Human tissues express cannabinoid CB(1) and CB(2) receptors that can be activated by endogenously released 'endocannabinoids' or exogenously administered compounds in a manner that reduces the symptoms or opposes the underlying causes of several disorders in need of effective therapy. Three medicines that activate cannabinoid CB(1)/CB(2) receptors are now in the clinic: Cesamet (nabilone), Marinol (dronabinol; Δ(9)-tetrahydrocannabinol (Δ(9)-THC)) and Sativex (Δ(9)-THC with cannabidiol).
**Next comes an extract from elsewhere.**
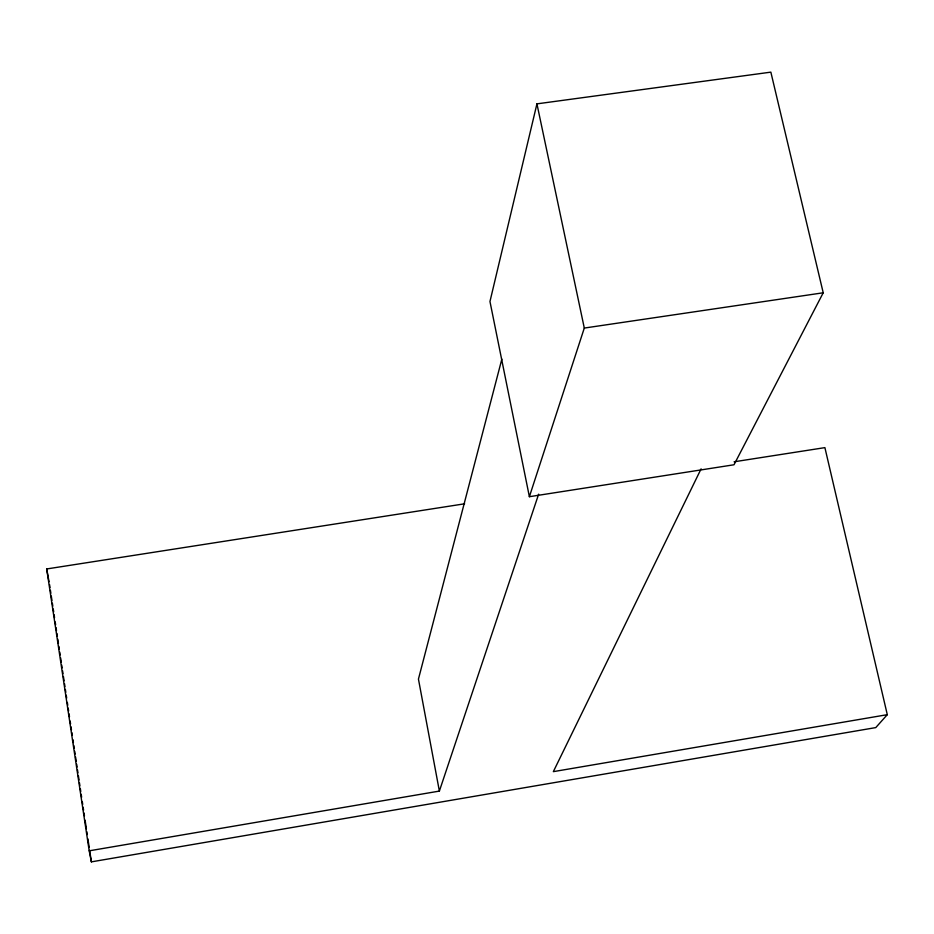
<?xml version="1.0" encoding="UTF-8"?>
<svg xmlns="http://www.w3.org/2000/svg" width="934" height="934" viewBox="0 0 934 934"><rect width="100%" height="100%" fill="white"/><g stroke="black" fill="none" stroke-linecap="round" stroke-linejoin="round"><path stroke-width="1.4" d="M536.933 103.861L489.965 301.507L529.38 496.701L734.007 464.77L823.216 292.786L770.854 72.14L536.933 103.861L584.299 328.067L529.38 496.701M501.85 359.111L418.444 679.1L439.377 791.086L89.197 850.827L46.7 568.958L464.618 503.8M439.377 791.086L538.638 494.179M701.107 468.845L553.337 771.647L887.3 714.673L824.897 447.631L734.101 461.793M887.3 714.673L875.765 727.598L91.38 861.86L89.197 850.827M584.299 328.067L823.216 292.786M46.7 568.958L49.035 581.719M49.56 584.567L49.992 587.439M50.424 590.311L50.856 593.183M51.288 596.055L51.942 600.364M52.374 603.236L52.806 606.119M53.238 608.991L53.682 611.863M54.114 614.735L54.546 617.607M55.199 621.916L55.631 624.788M56.063 627.671L56.495 630.543M56.927 633.415L57.359 636.288M57.791 639.16L58.445 643.468M58.877 646.34L59.309 649.223M59.741 652.095L60.173 654.967M60.617 657.84L61.259 662.148M61.691 665.02L62.123 667.892M62.566 670.775L62.998 673.648M63.43 676.52L64.072 680.828M64.516 683.7L64.948 686.572M65.38 689.444L65.812 692.316M66.244 695.2L66.676 698.072M67.33 702.38L67.762 705.252M68.194 708.124L68.626 710.996M69.058 713.868L69.49 716.752M70.143 721.06L70.575 723.932M71.007 726.804L71.451 729.676M71.883 732.548L72.315 735.42M72.957 739.74L73.401 742.612M73.833 745.484L74.265 748.356M74.697 751.228L75.129 754.1M75.561 756.972L76.214 761.292M76.646 764.164L77.078 767.036M77.51 769.908L77.942 772.78M78.374 775.652L79.028 779.96M79.46 782.844L79.892 785.716M80.324 788.588L80.768 791.46M81.2 794.332L81.632 797.204M82.274 801.512L82.717 804.396M83.149 807.268L83.581 810.14M84.013 813.012L84.445 815.884M85.099 820.192L86.395 828.82M86.827 831.692L87.259 834.564M87.913 838.872L89.209 847.5M89.652 850.372L91.38 861.86"/></g></svg>

These can be prescribed for the amelioration of chemotherapy-induced nausea and vomiting (Cesamet and Marinol), stimulation of appetite (Marinol) and symptomatic relief of cancer pain and/or management of neuropathic pain and spasticity in adults with multiple sclerosis (Sativex). This review mentions several possible additional therapeutic targets for cannabinoid receptor agonists. These include other kinds of pain, epilepsy, anxiety, depression, Parkinson's and Huntington's diseases, amyotrophic lateral sclerosis, stroke, cancer, drug dependence, glaucoma, autoimmune uveitis, osteoporosis, sepsis, and hepatic, renal, intestinal and cardiovascular disorders. It also describes potential strategies for improving the efficacy and/or benefit-to-risk ratio of these agonists in the clinic. These are strategies that involve (i) targeting cannabinoid receptors located outside the blood-brain barrier, (ii) targeting cannabinoid receptors expressed by a particular tissue, (iii) targeting upregulated cannabinoid receptors, (iv) selectively targeting cannabinoid CB(2) receptors, and/or (v) adjunctive 'multi-targeting'.

摘要

人体组织表达大麻素 CB(1)和 CB(2)受体,这些受体可以被内源性释放的“内源性大麻素”或外源性给予的化合物激活,以减轻几种需要有效治疗的疾病的症状或对抗其根本原因。目前有三种激活大麻素 CB(1)/CB(2)受体的药物在临床上使用:Cesamet(纳布啡)、Marinol(屈大麻酚;Δ(9)-四氢大麻酚 (Δ(9)-THC)) 和 Sativex(Δ(9)-THC 与大麻二酚)。这些药物可用于缓解化疗引起的恶心和呕吐(Cesamet 和 Marinol)、刺激食欲(Marinol)以及缓解癌症疼痛和/或管理多发性硬化症成人的神经性疼痛和痉挛(Sativex)。这篇综述提到了大麻素受体激动剂的几个可能的其他治疗靶点。这些包括其他类型的疼痛、癫痫、焦虑、抑郁、帕金森病和亨廷顿病、肌萎缩侧索硬化症、中风、癌症、药物依赖、青光眼、自身免疫性葡萄膜炎、骨质疏松症、败血症以及肝、肾、肠和心血管疾病。它还描述了在临床上提高这些激动剂的疗效和/或获益-风险比的潜在策略。这些策略包括:(i) 靶向位于血脑屏障外的大麻素受体,(ii) 靶向特定组织表达的大麻素受体,(iii) 靶向上调的大麻素受体,(iv) 选择性靶向大麻素 CB(2)受体,和/或 (v) 辅助“多靶点”。